The relevant block in staticfiles.conf:

location ~* \.(html|htm|txt)$ {
    #add_header Pragma public;
    add_header Cache-Control "public, must-revalidate, proxy-revalidate";
    access_log off;
    expires 1d;
    break;
}

Performance Tuning

Centmin Mod ships with production-ready Nginx settings. Below are the key directives you may want to adjust based on your server's workload.

Buffer Sizes

Buffer settings control how Nginx handles request and response data in memory:

client_body_buffer_size    256k;
client_header_buffer_size  64k;
client_max_body_size       50m;
large_client_header_buffers 4 64k;

Timeouts

client_body_timeout   10;
client_header_timeout 10;
send_timeout          60;

Gzip Compression

Gzip compression reduces response sizes and improves page load times. Centmin Mod enables this by default:

gzip on;
gzip_vary on;
gzip_disable "MSIE [1-6]\.";
gzip_proxied any;
gzip_comp_level 5;
gzip_min_length 1024;
gzip_buffers 16 8k;
gzip_http_version 1.1;
gzip_types text/plain text/css application/json
           application/javascript text/xml
           application/xml application/xml+rss
           text/javascript image/svg+xml;

A gzip_comp_level of 5 provides a good balance between compression ratio and CPU usage. Higher levels yield diminishing returns while increasing CPU overhead.

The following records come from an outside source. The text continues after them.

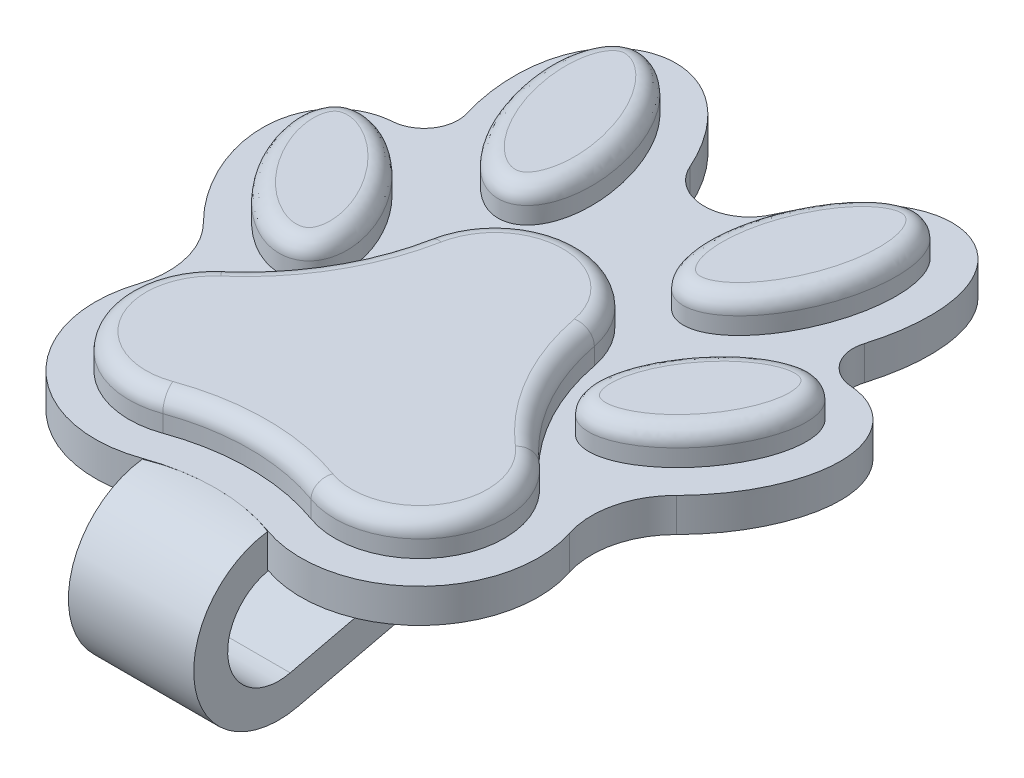
SolidWorks part; units mm, degrees
ref_plane "Front Plane" through (0, 0, 0) normal (0, 0, 1) x (1, 0, 0)
ref_plane "Top Plane" through (0, 0, 0) normal (0, 1, 0) x (1, 0, 0)
ref_plane "Right Plane" through (0, 0, 0) normal (1, 0, 0) x (0, 0, -1)
sketch "Sketch3" plane through (0, 0, 0) normal (0, 1, 0) x (1, 0, 0)
  line L0 (0, 0) -> (0, -27.3757) construction
  line L1 (0, 5) -> (-6.0622, -5.5) construction
  arc A0 (4.9097, 5.9458) -> (-4.9097, 5.9458) centre (0, 5) ccw
  arc A1 (4.3698, -10.2049) -> (9.3361, -1.721) centre (6.0622, -5.5) ccw
  arc A2 (-9.3361, -1.721) -> (-4.3698, -10.2049) centre (-6.0622, -5.5) ccw
  arc A3 (-4.9097, 5.9458) -> (-9.3361, -1.721) centre (-18.1955, 8.5052) cw
  arc A4 (4.9097, 5.9458) -> (9.3361, -1.721) centre (18.1955, 8.5052) ccw
  arc A5 (4.3698, -10.2049) -> (-4.3698, -10.2049) centre (0, -22.3528) ccw
  ellipse E0 centre (11.1505, 5.9458) end of major axis (8.0278, 1.7402) minor radius 2.8576
  ellipse E1 centre (6.7977, 16.2233) end of major axis (8.6857, 21.7116) minor radius 3.0528
  ellipse E2 centre (-11.1505, 5.9458) end of major axis (-14.2732, 10.1515) minor radius 2.8576
  ellipse E3 centre (-6.7977, 16.2233) end of major axis (-8.6857, 21.7116) minor radius 3.0528
  point P12 (0, -2)
  dimension "D1" = 5
  dimension "D3" = 10
  dimension "D4" = 12.91
  dimension "D5" = 13.53
  dimension "D2" = 3
extrude "Boss-Extrude1" add sketch "Sketch3" along normal blind 2
sketch "Sketch4" plane through (0, 0, 0) normal (0, -1, 0) x (1, 0, 0)
  arc A0 (2.4233, -18.8956) -> (-2.4381, -18.9289) centre (0, -19.9916) ccw
  arc A1 (11.7264, -15.0458) -> (13.4953, -12.4721) centre (13.6407, -14.4668) cw
  arc A2 (-13.4941, -12.472) -> (-11.7262, -15.0455) centre (-13.6406, -14.4667) cw
  arc A9 (13.9433, -1.7682) -> (12.7166, 3.3278) centre (17.4698, 1.7763) cw
  arc A10 (-13.9449, -1.7693) -> (-12.7167, 3.3281) centre (-17.4699, 1.7767) ccw
  arc A12 (10.6457, 0.2093) -> (3.6928, 12.0868) centre (6.0622, 5.5) ccw
  arc A13 (-3.6928, 12.0868) -> (3.6928, 12.0868) centre (0, 22.3528) ccw
  arc A14 (-3.6928, 12.0868) -> (-10.6457, 0.2093) centre (-6.0622, 5.5) ccw
  arc A15 (12.7166, 3.3278) -> (3.6928, 12.0868) centre (6.0622, 5.5) ccw
  arc A16 (-3.6928, 12.0868) -> (3.6928, 12.0868) centre (0, 22.3528) ccw
  arc A17 (-3.6928, 12.0868) -> (-12.7167, 3.3281) centre (-6.0622, 5.5) ccw
  spline S0 degree 3 poles (-6.6721, -0.2558) (-7.1625, 0.1084) (-7.5206, 0.2889) (-8.2956, 0.5328) (-8.6948, 0.5901) (-9.5056, 0.5933) (-9.905, 0.5391) (-10.6836, 0.3462) (-11.0669, 0.2055) (-11.7925, -0.1333) (-12.1389, -0.3321) (-12.805, -0.7774) (-13.126, -1.0254) (-14.032, -1.814) (-14.5686, -2.4017) (-15.2846, -3.3646) (-15.509, -3.7015) (-15.9166, -4.39) (-16.1008, -4.7427) (-16.4271, -5.4662) (-16.5693, -5.8369) (-16.804, -6.5998) (-16.897, -6.9958) (-17.0137, -7.7923) (-17.0383, -8.193) (-17.0095, -8.7986) (-16.9886, -9.0011) (-16.9229, -9.3979) (-16.878, -9.5933) (-16.7616, -9.9778) (-16.6894, -10.1681) (-16.5172, -10.5349) (-16.4182, -10.71) (-16.1932, -11.0428) (-16.0666, -11.2012) (-15.7867, -11.4959) (-15.6363, -11.6294) (-15.1546, -11.9898) (-14.7866, -12.1773) (-14.0201, -12.4211) (-13.6128, -12.4808) (-12.8074, -12.4857) (-12.4007, -12.4316) (-11.6212, -12.2391) (-11.2447, -12.1015) (-10.5124, -11.7606) (-10.1621, -11.5594) (-9.4975, -11.1153) (-9.1812, -10.8712) (-8.5762, -10.3453) (-8.2863, -10.0618) (-7.7438, -9.4716) (-7.4899, -9.1639) (-7.0151, -8.5249) (-6.7943, -8.1936) (-6.3869, -7.5061) (-6.1995, -7.1478) (-5.8691, -6.414) (-5.7264, -6.0399) (-5.4926, -5.2748) (-5.4013, -4.883) (-5.2857, -4.0821) (-5.2625, -3.6814) (-5.3028, -2.8793) (-5.3682, -2.4744) (-5.5448, -1.899) (-5.6167, -1.7114) (-5.7897, -1.3456) (-5.8909, -1.1683) (-6.1167, -0.8372) (-6.2422, -0.6816) (-6.5192, -0.3914) (-6.6721, -0.2558) (-7.1625, 0.1084) (-7.5206, 0.2889) knots -0.015625 -0.015625 0 0 0.03125 0.03125 0.0625 0.0625 0.09375 0.09375 0.125 0.125 0.15625 0.15625 0.1875 0.1875 0.25 0.25 0.28125 0.28125 0.3125 0.3125 0.34375 0.34375 0.375 0.375 0.40625 0.40625 0.421875 0.421875 0.4375 0.4375 0.453125 0.453125 0.46875 0.46875 0.484375 0.484375 0.5 0.5 0.53125 0.53125 0.5625 0.5625 0.59375 0.59375 0.625 0.625 0.65625 0.65625 0.6875 0.6875 0.71875 0.71875 0.75 0.75 0.78125 0.78125 0.8125 0.8125 0.84375 0.84375 0.875 0.875 0.90625 0.90625 0.9375 0.9375 0.953125 0.953125 0.96875 0.96875 0.984375 0.984375 1 1 1.03125 1.03125 1.0625 only from (-6.8356, -0.1344) to (-6.8356, -0.1344)
  spline S1 degree 3 poles (-13.9449, -1.7693) (-14.3433, -2.1653) (-14.7093, -2.591) (-15.2846, -3.3646) (-15.509, -3.7015) (-15.9166, -4.39) (-16.1008, -4.7427) (-16.4271, -5.4662) (-16.5693, -5.8369) (-16.804, -6.5998) (-16.897, -6.9958) (-17.0137, -7.7923) (-17.0383, -8.193) (-17.0095, -8.7986) (-16.9886, -9.0011) (-16.9229, -9.3979) (-16.878, -9.5933) (-16.7616, -9.9778) (-16.6894, -10.1681) (-16.5172, -10.5349) (-16.4182, -10.71) (-16.1932, -11.0428) (-16.0666, -11.2012) (-15.7867, -11.4959) (-15.6363, -11.6294) (-15.1546, -11.9898) (-14.7866, -12.1773) (-14.1101, -12.3925) (-13.8027, -12.4494) (-13.4941, -12.472) knots 0.205929 0.205929 0.205929 0.205929 0.25 0.25 0.28125 0.28125 0.3125 0.3125 0.34375 0.34375 0.375 0.375 0.40625 0.40625 0.421875 0.421875 0.4375 0.4375 0.453125 0.453125 0.46875 0.46875 0.484375 0.484375 0.5 0.5 0.53125 0.53125 0.555164 0.555164 0.555164 0.555164
  spline S2 degree 3 poles (-4.054, -8.9143) (-4.6695, -8.7026) (-5.0927, -8.6383) (-5.9592, -8.6547) (-6.3812, -8.7352) (-7.1994, -9.015) (-7.5798, -9.2086) (-8.118, -9.5591) (-8.2928, -9.6869) (-8.6271, -9.9566) (-8.7868, -10.0984) (-9.2469, -10.5418) (-9.5284, -10.8611) (-10.0507, -11.5382) (-10.2913, -11.8964) (-10.9437, -12.9944) (-11.2952, -13.7657) (-11.7119, -14.9748) (-11.8322, -15.3886) (-12.0285, -16.2174) (-12.1052, -16.6342) (-12.2126, -17.4726) (-12.2434, -17.8943) (-12.2484, -18.5312) (-12.2432, -18.7443) (-12.2171, -19.1721) (-12.196, -19.3875) (-12.1068, -20.0256) (-12.0131, -20.4432) (-11.8053, -21.0542) (-11.7243, -21.2556) (-11.5401, -21.6427) (-11.4366, -21.8296) (-11.2037, -22.1885) (-11.0735, -22.3616) (-10.7874, -22.6853) (-10.6333, -22.8343) (-10.3019, -23.1052) (-10.1232, -23.228) (-9.7464, -23.44) (-9.5513, -23.5279) (-9.1477, -23.6685) (-8.9378, -23.7214) (-8.5104, -23.789) (-8.2964, -23.8036) (-7.8677, -23.7969) (-7.6514, -23.7753) (-7.2265, -23.6986) (-7.0189, -23.644) (-6.6123, -23.506) (-6.412, -23.4219) (-6.0259, -23.2305) (-5.8404, -23.1236) (-5.3034, -22.7746) (-4.9696, -22.5029) (-4.3492, -21.9059) (-4.0674, -21.5857) (-3.5474, -20.912) (-3.3093, -20.5584) (-2.8712, -19.8221) (-2.6721, -19.4402) (-2.3168, -18.6665) (-2.1594, -18.2725) (-1.8833, -17.471) (-1.7646, -17.0635) (-1.5679, -16.2341) (-1.4896, -15.81) (-1.3814, -14.9609) (-1.3511, -14.5357) (-1.3459, -13.6835) (-1.371, -13.255) (-1.4922, -12.4026) (-1.5871, -11.9857) (-1.8649, -11.1761) (-2.0505, -10.781) (-2.4015, -10.2444) (-2.5309, -10.0737) (-2.818, -9.751) (-2.9742, -9.6013) (-3.3052, -9.3329) (-3.481, -9.2131) (-3.8547, -9.0039) (-4.054, -8.9143) (-4.6695, -8.7026) (-5.0927, -8.6383) knots -0.015625 -0.015625 0 0 0.03125 0.03125 0.0625 0.0625 0.09375 0.09375 0.109375 0.109375 0.125 0.125 0.15625 0.15625 0.1875 0.1875 0.25 0.25 0.28125 0.28125 0.3125 0.3125 0.34375 0.34375 0.359375 0.359375 0.375 0.375 0.40625 0.40625 0.421875 0.421875 0.4375 0.4375 0.453125 0.453125 0.46875 0.46875 0.484375 0.484375 0.5 0.5 0.515625 0.515625 0.53125 0.53125 0.546875 0.546875 0.5625 0.5625 0.578125 0.578125 0.59375 0.59375 0.625 0.625 0.65625 0.65625 0.6875 0.6875 0.71875 0.71875 0.75 0.75 0.78125 0.78125 0.8125 0.8125 0.84375 0.84375 0.875 0.875 0.90625 0.90625 0.9375 0.9375 0.953125 0.953125 0.96875 0.96875 0.984375 0.984375 1 1 1.03125 1.03125 1.0625 only from (-4.2592, -8.8437) to (-4.2592, -8.8437)
  spline S3 degree 3 poles (-11.7262, -15.0455) (-11.802, -15.2962) (-11.8704, -15.5495) (-12.0285, -16.2174) (-12.1052, -16.6342) (-12.2126, -17.4726) (-12.2434, -17.8943) (-12.2484, -18.5312) (-12.2432, -18.7443) (-12.2171, -19.1721) (-12.196, -19.3875) (-12.1068, -20.0256) (-12.0131, -20.4432) (-11.8053, -21.0542) (-11.7243, -21.2556) (-11.5401, -21.6427) (-11.4366, -21.8296) (-11.2037, -22.1885) (-11.0735, -22.3616) (-10.7874, -22.6853) (-10.6333, -22.8343) (-10.3019, -23.1052) (-10.1232, -23.228) (-9.7464, -23.44) (-9.5513, -23.5279) (-9.1477, -23.6685) (-8.9378, -23.7214) (-8.5104, -23.789) (-8.2964, -23.8036) (-7.8677, -23.7969) (-7.6514, -23.7753) (-7.2265, -23.6986) (-7.0189, -23.644) (-6.6123, -23.506) (-6.412, -23.4219) (-6.0259, -23.2305) (-5.8404, -23.1236) (-5.3034, -22.7746) (-4.9696, -22.5029) (-4.3492, -21.9059) (-4.0674, -21.5857) (-3.5474, -20.912) (-3.3093, -20.5584) (-2.8712, -19.8221) (-2.6721, -19.4402) (-2.4701, -19.0004) (-2.4462, -18.9473) (-2.4226, -18.894) knots 0.262135 0.262135 0.262135 0.262135 0.28125 0.28125 0.3125 0.3125 0.34375 0.34375 0.359375 0.359375 0.375 0.375 0.40625 0.40625 0.421875 0.421875 0.4375 0.4375 0.453125 0.453125 0.46875 0.46875 0.484375 0.484375 0.5 0.5 0.515625 0.515625 0.53125 0.53125 0.546875 0.546875 0.5625 0.5625 0.578125 0.578125 0.59375 0.59375 0.625 0.625 0.65625 0.65625 0.6875 0.6875 0.71875 0.71875 0.723029 0.723029 0.723029 0.723029
  spline S4 degree 3 poles (4.4643, -8.7731) (3.8488, -8.9849) (3.4757, -9.1946) (2.8026, -9.7405) (2.5194, -10.0636) (2.0465, -10.7876) (1.8657, -11.1742) (1.657, -11.7817) (1.5978, -11.99) (1.5002, -12.4082) (1.4615, -12.6182) (1.3716, -13.2508) (1.3462, -13.6758) (1.3508, -14.5309) (1.3815, -14.9613) (1.5427, -16.2283) (1.7401, -17.0526) (2.1554, -18.2622) (2.3151, -18.6624) (2.6703, -19.4366) (2.8661, -19.8124) (3.2973, -20.5394) (3.5325, -20.8908) (3.9203, -21.3961) (4.0555, -21.5609) (4.3393, -21.8821) (4.4885, -22.0389) (4.9514, -22.487) (5.2821, -22.7587) (5.8218, -23.1125) (6.0095, -23.2215) (6.3929, -23.4133) (6.5895, -23.497) (6.9939, -23.6367) (7.2031, -23.693) (7.6277, -23.7722) (7.8409, -23.7949) (8.2688, -23.8046) (8.4853, -23.7914) (8.9127, -23.7268) (9.1206, -23.6761) (9.5253, -23.5386) (9.7233, -23.4512) (10.1019, -23.2416) (10.2796, -23.1214) (10.6134, -22.8524) (10.7706, -22.7023) (11.0584, -22.3805) (11.1885, -22.2097) (11.4242, -21.8507) (11.5304, -21.6612) (11.717, -21.2727) (11.7975, -21.0744) (12.0061, -20.4689) (12.1021, -20.0493) (12.2239, -19.197) (12.2491, -18.7712) (12.2447, -17.9202) (12.2148, -17.4949) (12.1072, -16.6449) (12.0293, -16.2214) (11.8334, -15.3928) (11.7151, -14.9854) (11.4397, -14.1836) (11.2825, -13.7893) (10.9274, -13.0145) (10.7282, -12.6319) (10.2912, -11.896) (10.0534, -11.5421) (9.5333, -10.8671) (9.2499, -10.5447) (8.6299, -9.9472) (8.2987, -9.6769) (7.5816, -9.2096) (7.1922, -9.0123) (6.5854, -8.8051) (6.3784, -8.7502) (5.9535, -8.6724) (5.7383, -8.6505) (5.3122, -8.6425) (5.0999, -8.6562) (4.6766, -8.7212) (4.4643, -8.7731) (3.8488, -8.9849) (3.4757, -9.1946) knots -0.015625 -0.015625 0 0 0.03125 0.03125 0.0625 0.0625 0.09375 0.09375 0.109375 0.109375 0.125 0.125 0.15625 0.15625 0.1875 0.1875 0.25 0.25 0.28125 0.28125 0.3125 0.3125 0.34375 0.34375 0.359375 0.359375 0.375 0.375 0.40625 0.40625 0.421875 0.421875 0.4375 0.4375 0.453125 0.453125 0.46875 0.46875 0.484375 0.484375 0.5 0.5 0.515625 0.515625 0.53125 0.53125 0.546875 0.546875 0.5625 0.5625 0.578125 0.578125 0.59375 0.59375 0.625 0.625 0.65625 0.65625 0.6875 0.6875 0.71875 0.71875 0.75 0.75 0.78125 0.78125 0.8125 0.8125 0.84375 0.84375 0.875 0.875 0.90625 0.90625 0.9375 0.9375 0.953125 0.953125 0.96875 0.96875 0.984375 0.984375 1 1 1.03125 1.03125 1.0625 only from (4.2592, -8.8437) to (4.2592, -8.8437)
  spline S5 degree 3 poles (2.4233, -18.8956) (2.4461, -18.9471) (2.4692, -18.9984) (2.6703, -19.4366) (2.8661, -19.8124) (3.2973, -20.5394) (3.5325, -20.8908) (3.9203, -21.3961) (4.0555, -21.5609) (4.3393, -21.8821) (4.4885, -22.0389) (4.9514, -22.487) (5.2821, -22.7587) (5.8218, -23.1125) (6.0095, -23.2215) (6.3929, -23.4133) (6.5895, -23.497) (6.9939, -23.6367) (7.2031, -23.693) (7.6277, -23.7722) (7.8409, -23.7949) (8.2688, -23.8046) (8.4853, -23.7914) (8.9127, -23.7268) (9.1206, -23.6761) (9.5253, -23.5386) (9.7233, -23.4512) (10.1019, -23.2416) (10.2796, -23.1214) (10.6134, -22.8524) (10.7706, -22.7023) (11.0584, -22.3805) (11.1885, -22.2097) (11.4242, -21.8507) (11.5304, -21.6612) (11.717, -21.2727) (11.7975, -21.0744) (12.0061, -20.4689) (12.1021, -20.0493) (12.2239, -19.197) (12.2491, -18.7712) (12.2447, -17.9202) (12.2148, -17.4949) (12.1072, -16.6449) (12.0293, -16.2214) (11.8707, -15.5507) (11.8023, -15.297) (11.7264, -15.0458) knots 0.277126 0.277126 0.277126 0.277126 0.28125 0.28125 0.3125 0.3125 0.34375 0.34375 0.359375 0.359375 0.375 0.375 0.40625 0.40625 0.421875 0.421875 0.4375 0.4375 0.453125 0.453125 0.46875 0.46875 0.484375 0.484375 0.5 0.5 0.515625 0.515625 0.53125 0.53125 0.546875 0.546875 0.5625 0.5625 0.578125 0.578125 0.59375 0.59375 0.625 0.625 0.65625 0.65625 0.6875 0.6875 0.71875 0.71875 0.738088 0.738088 0.738088 0.738088
  spline S6 degree 3 poles (6.999, -0.013) (6.5086, -0.3771) (6.2322, -0.6677) (5.7746, -1.339) (5.6043, -1.7046) (5.3667, -2.4798) (5.303, -2.8778) (5.2625, -3.6789) (5.2863, -4.0865) (5.4008, -4.8792) (5.4909, -5.2682) (5.7245, -6.0346) (5.869, -6.4137) (6.3619, -7.509) (6.7692, -8.1926) (7.4839, -9.1566) (7.7415, -9.4688) (8.2827, -10.0581) (8.567, -10.3365) (9.1652, -10.8581) (9.4789, -11.1015) (10.1413, -11.5468) (10.4935, -11.7503) (11.2222, -12.0925) (11.5987, -12.2319) (12.1867, -12.3795) (12.3866, -12.4181) (12.7854, -12.4699) (12.9855, -12.4835) (13.3872, -12.4832) (13.5902, -12.4692) (13.9912, -12.4105) (14.1875, -12.3663) (14.5711, -12.2472) (14.7593, -12.1718) (15.1224, -11.9891) (15.2937, -11.8838) (15.778, -11.5269) (16.064, -11.2288) (16.519, -10.5657) (16.694, -10.193) (16.9317, -9.4235) (16.9974, -9.0185) (17.0386, -8.2167) (17.0159, -7.8164) (16.9014, -7.0169) (16.81, -6.6233) (16.5771, -5.8587) (16.435, -5.4853) (16.1066, -4.7541) (15.9191, -4.3945) (15.511, -3.7045) (15.2899, -3.3725) (14.8155, -2.7332) (14.5622, -2.4259) (14.0219, -1.8371) (13.7332, -1.5541) (13.1263, -1.0256) (12.8094, -0.7807) (12.1447, -0.3357) (11.796, -0.1349) (11.0629, 0.2074) (10.686, 0.3455) (9.9065, 0.5389) (9.5, 0.5934) (8.8981, 0.5909) (8.6977, 0.5763) (8.2975, 0.5164) (8.0986, 0.4709) (7.7163, 0.3505) (7.5311, 0.2754) (7.1731, 0.0941) (6.999, -0.013) (6.5086, -0.3771) (6.2322, -0.6677) knots -0.015625 -0.015625 0 0 0.03125 0.03125 0.0625 0.0625 0.09375 0.09375 0.125 0.125 0.15625 0.15625 0.1875 0.1875 0.25 0.25 0.28125 0.28125 0.3125 0.3125 0.34375 0.34375 0.375 0.375 0.40625 0.40625 0.421875 0.421875 0.4375 0.4375 0.453125 0.453125 0.46875 0.46875 0.484375 0.484375 0.5 0.5 0.53125 0.53125 0.5625 0.5625 0.59375 0.59375 0.625 0.625 0.65625 0.65625 0.6875 0.6875 0.71875 0.71875 0.75 0.75 0.78125 0.78125 0.8125 0.8125 0.84375 0.84375 0.875 0.875 0.90625 0.90625 0.9375 0.9375 0.953125 0.953125 0.96875 0.96875 0.984375 0.984375 1 1 1.03125 1.03125 1.0625 only from (6.8356, -0.1344) to (6.8356, -0.1344)
  spline S7 degree 3 poles (13.4953, -12.4721) (13.594, -12.4649) (13.6927, -12.4542) (13.9912, -12.4105) (14.1875, -12.3663) (14.5711, -12.2472) (14.7593, -12.1718) (15.1224, -11.9891) (15.2937, -11.8838) (15.778, -11.5269) (16.064, -11.2288) (16.519, -10.5657) (16.694, -10.193) (16.9317, -9.4235) (16.9974, -9.0185) (17.0386, -8.2167) (17.0159, -7.8164) (16.9014, -7.0169) (16.81, -6.6233) (16.5771, -5.8587) (16.435, -5.4853) (16.1066, -4.7541) (15.9191, -4.3945) (15.511, -3.7045) (15.2899, -3.3725) (14.8155, -2.7332) (14.5622, -2.4259) (14.179, -2.0082) (14.0626, -1.887) (13.9433, -1.7682) knots 0.445483 0.445483 0.445483 0.445483 0.453125 0.453125 0.46875 0.46875 0.484375 0.484375 0.5 0.5 0.53125 0.53125 0.5625 0.5625 0.59375 0.59375 0.625 0.625 0.65625 0.65625 0.6875 0.6875 0.71875 0.71875 0.75 0.75 0.78125 0.78125 0.794335 0.794335 0.794335 0.794335
  arc M8 (-9.3361, 1.721) -> (-4.9097, -5.9458) centre (-18.1955, -8.5052) cw
  arc M9 (-4.9097, -5.9458) -> (4.9097, -5.9458) centre (0, -5) ccw
  arc M10 (4.9097, -5.9458) -> (9.3361, 1.721) centre (18.1955, -8.5052) cw
  arc M11 (9.3361, 1.721) -> (4.3698, 10.2049) centre (6.0622, 5.5) ccw
  arc M12 (4.3698, 10.2049) -> (-4.3698, 10.2049) centre (0, 22.3528) cw
  arc M13 (-4.3698, 10.2049) -> (-9.3361, 1.721) centre (-6.0622, 5.5) ccw
  dimension "D6" = 5
  dimension "D7" = 2
  dimension "D1" = 2
  dimension "D2" = 2
  dimension "D3" = 2
  dimension "D4" = 2
  dimension "D5" = 2
extrude "Boss-Extrude2" add sketch "Sketch4" along normal blind 2 contours A1 S7 A9 A15 A16 A17 A10 S1 A2 S3 A0 S5 M8 M13 M12 M11 M10 M9 | M13 M8 M9 M10 M11 M12
fillet "Fillet1" radius 1 4 edges at (14.2732, 2, -10.1515) (8.6857, 2, -21.7116) (-8.6857, 2, -21.7116) (-14.2732, 2, -10.1515)
fillet "Fillet2" radius 1 6 edges at (6.4781, 2, -1.7402) (10.3772, 2, 8.026) (0, 2, 9.4428) (-10.3772, 2, 8.026) (-6.4781, 2, -1.7402) (0, 2, -10)
sketch "Sketch5" plane through (0, 0, 0) normal (1, 0, 0) x (0, 0, -1)
  line L1 (17.1087, -5.7418) -> (17.332, -3.7543)
  line L2 (-12.5, -2) -> (-3.3278, -2) construction
  line L3 (-10.757, -7.9205) -> (10.332, -2.9678)
  line L4 (10.332, -2.9678) -> (17.332, -3.7543)
  line L5 (-10.2997, -9.8676) -> (10.4525, -4.994)
  line L6 (10.4525, -4.994) -> (17.1087, -5.7418)
  line L7 (-11.4428, 0) -> (-11.4428, -2)
  arc A0 (-11.4428, -2) -> (-10.757, -7.9205) centre (-11.4428, -5) ccw
  arc A1 (-11.4428, 0) -> (-10.2997, -9.8676) centre (-11.4428, -5) ccw
  dimension "D1" = 3
  dimension "D2" = 7
  dimension "D3" = 2
extrude "Boss-Extrude3" add sketch "Sketch5" along normal up to vertex (3.6928 mm away) and the other way up to vertex (3.6928 mm away) up to point (3.6928, 0, 12.0868)

Nginx Rewrite & App Configs

Nginx does not support Apache mod_rewrite syntax. You need to convert Apache rewrite rules to Nginx's HttpRewriteModule syntax. The official Nginx documentation provides examples for converting Apache rewrites.

Below are links to Nginx configuration examples and rewrite rules for popular web applications:

Can't find what you need? Check the official Nginx forums and the Nginx Wiki.

Testing & Reloading

Always test your Nginx configuration before reloading to avoid downtime from syntax errors.

Test Configuration Syntax

Run the config test command to validate your changes:

nginx -t

A successful test outputs:

nginx: the configuration file /usr/local/nginx/conf/nginx.conf syntax is ok
nginx: configuration file /usr/local/nginx/conf/nginx.conf test is successful

Reload Nginx

After a successful test, gracefully reload Nginx to apply the new configuration without dropping active connections:

# Reload (graceful - preferred)
service nginx reload

# Or using the Nginx signal directly
nginx -s reload

# Restart (full stop/start - use only when needed)
service nginx restart

Always run nginx -t before service nginx reload. A failed reload due to syntax errors can prevent Nginx from accepting new connections even though existing ones continue to be served.